= Activity =
Among the lines of the material below, how many carry the word "mxPoint"? Only the number is wanted.

+++

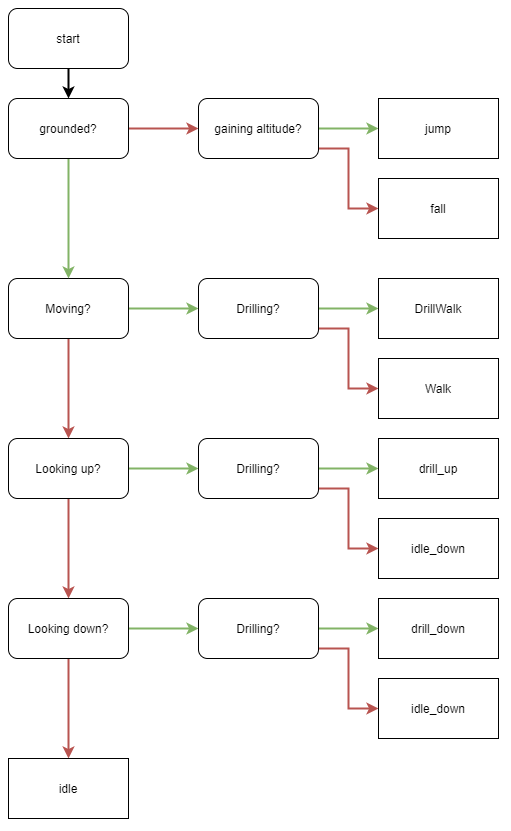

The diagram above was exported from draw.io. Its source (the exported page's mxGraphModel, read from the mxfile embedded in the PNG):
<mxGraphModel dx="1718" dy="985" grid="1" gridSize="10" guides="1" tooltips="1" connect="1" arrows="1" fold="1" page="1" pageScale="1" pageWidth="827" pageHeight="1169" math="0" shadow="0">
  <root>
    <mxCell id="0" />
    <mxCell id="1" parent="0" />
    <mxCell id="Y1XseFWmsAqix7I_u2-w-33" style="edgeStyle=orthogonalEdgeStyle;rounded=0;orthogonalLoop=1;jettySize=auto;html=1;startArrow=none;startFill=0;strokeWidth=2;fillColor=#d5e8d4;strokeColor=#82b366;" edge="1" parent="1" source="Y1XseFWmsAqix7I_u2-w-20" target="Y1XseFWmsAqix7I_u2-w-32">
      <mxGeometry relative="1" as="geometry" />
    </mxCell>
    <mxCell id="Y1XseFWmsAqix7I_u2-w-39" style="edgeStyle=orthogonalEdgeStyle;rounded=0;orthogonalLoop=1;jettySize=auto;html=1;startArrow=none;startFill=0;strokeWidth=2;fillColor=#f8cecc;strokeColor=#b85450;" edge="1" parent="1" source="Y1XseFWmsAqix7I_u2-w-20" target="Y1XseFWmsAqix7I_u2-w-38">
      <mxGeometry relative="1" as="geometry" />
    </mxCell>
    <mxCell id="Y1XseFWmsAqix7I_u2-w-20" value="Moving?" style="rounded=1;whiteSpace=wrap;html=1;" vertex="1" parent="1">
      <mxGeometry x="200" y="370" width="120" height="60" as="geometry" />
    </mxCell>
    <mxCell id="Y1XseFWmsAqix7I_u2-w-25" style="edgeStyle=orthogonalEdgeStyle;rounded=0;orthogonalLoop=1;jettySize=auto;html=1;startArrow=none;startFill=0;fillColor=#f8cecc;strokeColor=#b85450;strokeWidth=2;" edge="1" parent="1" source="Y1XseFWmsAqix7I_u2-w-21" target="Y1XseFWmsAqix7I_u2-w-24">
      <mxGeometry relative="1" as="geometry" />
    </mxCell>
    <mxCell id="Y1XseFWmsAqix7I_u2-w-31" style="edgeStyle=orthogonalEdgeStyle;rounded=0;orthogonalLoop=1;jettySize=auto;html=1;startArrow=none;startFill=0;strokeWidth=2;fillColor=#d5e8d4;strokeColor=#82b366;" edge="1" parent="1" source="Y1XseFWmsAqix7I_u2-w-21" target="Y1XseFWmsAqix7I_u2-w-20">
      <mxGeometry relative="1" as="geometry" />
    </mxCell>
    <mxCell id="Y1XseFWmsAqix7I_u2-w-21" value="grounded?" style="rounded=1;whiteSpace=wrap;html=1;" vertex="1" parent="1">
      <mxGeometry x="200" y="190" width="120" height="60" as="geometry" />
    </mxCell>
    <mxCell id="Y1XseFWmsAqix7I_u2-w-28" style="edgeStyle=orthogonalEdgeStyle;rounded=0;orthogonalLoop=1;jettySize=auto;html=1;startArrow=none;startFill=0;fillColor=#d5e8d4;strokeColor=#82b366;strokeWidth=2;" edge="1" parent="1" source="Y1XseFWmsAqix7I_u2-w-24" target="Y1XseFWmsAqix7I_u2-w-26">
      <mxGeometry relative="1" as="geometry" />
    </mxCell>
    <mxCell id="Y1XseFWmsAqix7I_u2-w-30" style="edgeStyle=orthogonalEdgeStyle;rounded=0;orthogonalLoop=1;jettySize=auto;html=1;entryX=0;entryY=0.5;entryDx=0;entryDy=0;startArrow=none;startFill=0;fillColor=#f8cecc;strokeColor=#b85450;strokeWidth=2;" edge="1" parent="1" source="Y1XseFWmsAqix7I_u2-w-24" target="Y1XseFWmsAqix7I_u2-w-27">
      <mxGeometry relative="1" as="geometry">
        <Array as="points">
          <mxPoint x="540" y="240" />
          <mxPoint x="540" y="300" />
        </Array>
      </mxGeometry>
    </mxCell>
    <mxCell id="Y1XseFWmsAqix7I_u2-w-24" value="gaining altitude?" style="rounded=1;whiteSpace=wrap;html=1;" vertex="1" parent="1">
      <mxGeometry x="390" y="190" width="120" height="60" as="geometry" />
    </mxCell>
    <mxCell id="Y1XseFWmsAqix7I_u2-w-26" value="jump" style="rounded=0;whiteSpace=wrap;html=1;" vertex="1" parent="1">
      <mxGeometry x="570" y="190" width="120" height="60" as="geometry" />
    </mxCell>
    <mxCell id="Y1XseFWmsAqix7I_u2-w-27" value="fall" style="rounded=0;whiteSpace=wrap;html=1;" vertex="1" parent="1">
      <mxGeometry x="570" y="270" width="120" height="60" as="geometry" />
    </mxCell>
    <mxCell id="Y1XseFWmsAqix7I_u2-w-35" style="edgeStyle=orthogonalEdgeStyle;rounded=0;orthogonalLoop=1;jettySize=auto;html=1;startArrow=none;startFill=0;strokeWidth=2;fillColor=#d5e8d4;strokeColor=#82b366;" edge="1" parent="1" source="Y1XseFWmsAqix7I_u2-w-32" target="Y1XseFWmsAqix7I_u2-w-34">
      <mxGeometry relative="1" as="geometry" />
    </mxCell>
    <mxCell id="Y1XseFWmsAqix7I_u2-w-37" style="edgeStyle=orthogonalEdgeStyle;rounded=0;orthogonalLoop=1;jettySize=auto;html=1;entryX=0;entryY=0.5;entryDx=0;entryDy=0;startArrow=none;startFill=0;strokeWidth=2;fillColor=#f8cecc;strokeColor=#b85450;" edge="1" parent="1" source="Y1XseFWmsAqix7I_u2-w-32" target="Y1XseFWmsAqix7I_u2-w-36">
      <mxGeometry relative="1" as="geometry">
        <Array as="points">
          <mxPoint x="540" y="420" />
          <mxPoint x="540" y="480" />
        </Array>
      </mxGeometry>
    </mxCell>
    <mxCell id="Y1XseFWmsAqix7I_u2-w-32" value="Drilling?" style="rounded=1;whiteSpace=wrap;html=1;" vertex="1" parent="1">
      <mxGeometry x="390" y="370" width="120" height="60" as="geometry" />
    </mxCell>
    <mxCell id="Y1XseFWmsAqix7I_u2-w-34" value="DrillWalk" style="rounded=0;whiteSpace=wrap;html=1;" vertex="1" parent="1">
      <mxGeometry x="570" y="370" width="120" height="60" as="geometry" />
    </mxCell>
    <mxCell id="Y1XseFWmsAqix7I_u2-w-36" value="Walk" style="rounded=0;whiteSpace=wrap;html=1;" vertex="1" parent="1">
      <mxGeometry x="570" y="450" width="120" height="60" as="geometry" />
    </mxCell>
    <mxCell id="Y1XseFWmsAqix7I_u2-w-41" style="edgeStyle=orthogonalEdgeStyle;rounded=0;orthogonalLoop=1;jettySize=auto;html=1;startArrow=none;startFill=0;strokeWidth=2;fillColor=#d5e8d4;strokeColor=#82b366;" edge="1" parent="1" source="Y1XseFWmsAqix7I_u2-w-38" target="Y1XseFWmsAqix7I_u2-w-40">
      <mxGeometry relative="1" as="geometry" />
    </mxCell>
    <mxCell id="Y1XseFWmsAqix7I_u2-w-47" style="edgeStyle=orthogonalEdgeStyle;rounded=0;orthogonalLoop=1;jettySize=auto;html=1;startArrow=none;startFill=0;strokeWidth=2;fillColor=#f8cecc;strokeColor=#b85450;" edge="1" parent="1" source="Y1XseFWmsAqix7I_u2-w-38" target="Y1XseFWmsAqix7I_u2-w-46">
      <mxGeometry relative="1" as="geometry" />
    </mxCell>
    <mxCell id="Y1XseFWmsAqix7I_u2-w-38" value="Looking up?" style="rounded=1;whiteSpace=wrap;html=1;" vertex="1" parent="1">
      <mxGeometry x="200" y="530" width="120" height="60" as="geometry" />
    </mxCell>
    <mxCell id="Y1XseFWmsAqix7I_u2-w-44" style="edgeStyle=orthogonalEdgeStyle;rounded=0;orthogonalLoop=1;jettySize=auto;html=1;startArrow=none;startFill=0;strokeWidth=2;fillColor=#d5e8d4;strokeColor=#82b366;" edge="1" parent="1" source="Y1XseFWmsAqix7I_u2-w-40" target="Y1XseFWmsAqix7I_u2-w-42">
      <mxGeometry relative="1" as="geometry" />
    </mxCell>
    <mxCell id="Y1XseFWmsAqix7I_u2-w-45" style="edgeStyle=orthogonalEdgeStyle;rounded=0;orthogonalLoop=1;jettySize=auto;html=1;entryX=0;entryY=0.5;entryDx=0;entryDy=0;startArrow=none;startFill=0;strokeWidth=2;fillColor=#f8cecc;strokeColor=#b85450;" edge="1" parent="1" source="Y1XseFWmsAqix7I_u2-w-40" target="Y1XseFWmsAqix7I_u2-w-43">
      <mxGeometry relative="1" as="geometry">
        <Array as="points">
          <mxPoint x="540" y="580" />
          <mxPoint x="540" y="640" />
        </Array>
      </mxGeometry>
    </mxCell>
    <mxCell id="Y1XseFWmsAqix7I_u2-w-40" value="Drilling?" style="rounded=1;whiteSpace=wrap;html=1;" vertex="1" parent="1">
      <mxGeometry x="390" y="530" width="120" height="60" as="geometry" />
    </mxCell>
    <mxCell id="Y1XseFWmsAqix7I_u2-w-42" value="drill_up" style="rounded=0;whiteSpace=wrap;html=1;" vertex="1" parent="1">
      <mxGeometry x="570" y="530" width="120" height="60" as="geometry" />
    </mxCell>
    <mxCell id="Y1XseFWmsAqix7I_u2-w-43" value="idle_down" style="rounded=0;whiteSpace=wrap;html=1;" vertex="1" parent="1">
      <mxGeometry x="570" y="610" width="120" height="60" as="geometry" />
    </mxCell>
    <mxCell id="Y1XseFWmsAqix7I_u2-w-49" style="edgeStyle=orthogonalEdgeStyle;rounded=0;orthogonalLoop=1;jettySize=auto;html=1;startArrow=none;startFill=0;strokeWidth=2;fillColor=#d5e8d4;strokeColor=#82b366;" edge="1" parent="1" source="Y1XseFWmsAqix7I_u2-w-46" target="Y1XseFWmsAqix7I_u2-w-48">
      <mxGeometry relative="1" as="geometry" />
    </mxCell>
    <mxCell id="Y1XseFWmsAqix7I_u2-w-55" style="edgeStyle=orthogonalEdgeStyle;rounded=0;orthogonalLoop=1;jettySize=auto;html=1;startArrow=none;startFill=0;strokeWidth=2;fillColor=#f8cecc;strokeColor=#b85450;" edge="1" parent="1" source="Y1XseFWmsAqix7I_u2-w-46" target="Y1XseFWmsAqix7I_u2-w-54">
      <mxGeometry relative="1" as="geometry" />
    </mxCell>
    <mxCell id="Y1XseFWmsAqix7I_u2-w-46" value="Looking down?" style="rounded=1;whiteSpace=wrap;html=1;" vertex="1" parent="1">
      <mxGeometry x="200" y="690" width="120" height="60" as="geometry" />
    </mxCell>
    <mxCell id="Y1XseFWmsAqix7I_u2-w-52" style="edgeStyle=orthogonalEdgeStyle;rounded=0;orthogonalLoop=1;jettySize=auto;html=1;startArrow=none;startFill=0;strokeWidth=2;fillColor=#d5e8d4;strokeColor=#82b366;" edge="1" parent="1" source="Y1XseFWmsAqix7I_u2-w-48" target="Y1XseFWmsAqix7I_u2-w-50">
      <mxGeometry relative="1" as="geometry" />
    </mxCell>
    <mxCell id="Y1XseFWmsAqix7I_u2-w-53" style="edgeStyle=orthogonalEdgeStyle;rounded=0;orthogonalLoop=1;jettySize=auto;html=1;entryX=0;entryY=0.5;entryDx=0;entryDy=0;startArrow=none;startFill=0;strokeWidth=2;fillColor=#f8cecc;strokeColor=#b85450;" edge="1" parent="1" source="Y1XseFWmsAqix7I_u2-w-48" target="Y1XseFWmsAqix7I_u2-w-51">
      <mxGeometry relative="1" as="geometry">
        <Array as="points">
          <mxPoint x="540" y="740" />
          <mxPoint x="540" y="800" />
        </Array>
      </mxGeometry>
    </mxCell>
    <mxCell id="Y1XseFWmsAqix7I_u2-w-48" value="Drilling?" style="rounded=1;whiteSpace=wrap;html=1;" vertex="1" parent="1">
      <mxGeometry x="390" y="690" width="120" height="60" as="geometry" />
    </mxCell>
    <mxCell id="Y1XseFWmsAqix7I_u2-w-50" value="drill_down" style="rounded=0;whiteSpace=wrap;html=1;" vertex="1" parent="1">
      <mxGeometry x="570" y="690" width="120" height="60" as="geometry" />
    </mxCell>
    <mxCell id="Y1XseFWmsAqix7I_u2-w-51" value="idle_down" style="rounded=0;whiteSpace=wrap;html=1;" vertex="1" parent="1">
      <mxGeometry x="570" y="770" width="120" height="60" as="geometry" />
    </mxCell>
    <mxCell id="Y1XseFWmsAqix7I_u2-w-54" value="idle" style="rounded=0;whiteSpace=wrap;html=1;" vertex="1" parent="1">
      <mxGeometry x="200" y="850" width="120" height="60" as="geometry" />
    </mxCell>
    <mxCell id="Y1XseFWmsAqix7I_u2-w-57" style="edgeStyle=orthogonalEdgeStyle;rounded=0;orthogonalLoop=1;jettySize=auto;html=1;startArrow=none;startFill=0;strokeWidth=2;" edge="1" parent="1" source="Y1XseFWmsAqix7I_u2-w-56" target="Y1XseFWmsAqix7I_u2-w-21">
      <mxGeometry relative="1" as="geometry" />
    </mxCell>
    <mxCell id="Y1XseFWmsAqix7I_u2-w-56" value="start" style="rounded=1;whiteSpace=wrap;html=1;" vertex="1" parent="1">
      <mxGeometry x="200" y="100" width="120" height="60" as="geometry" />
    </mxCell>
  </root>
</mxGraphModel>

+++

= Written response =
8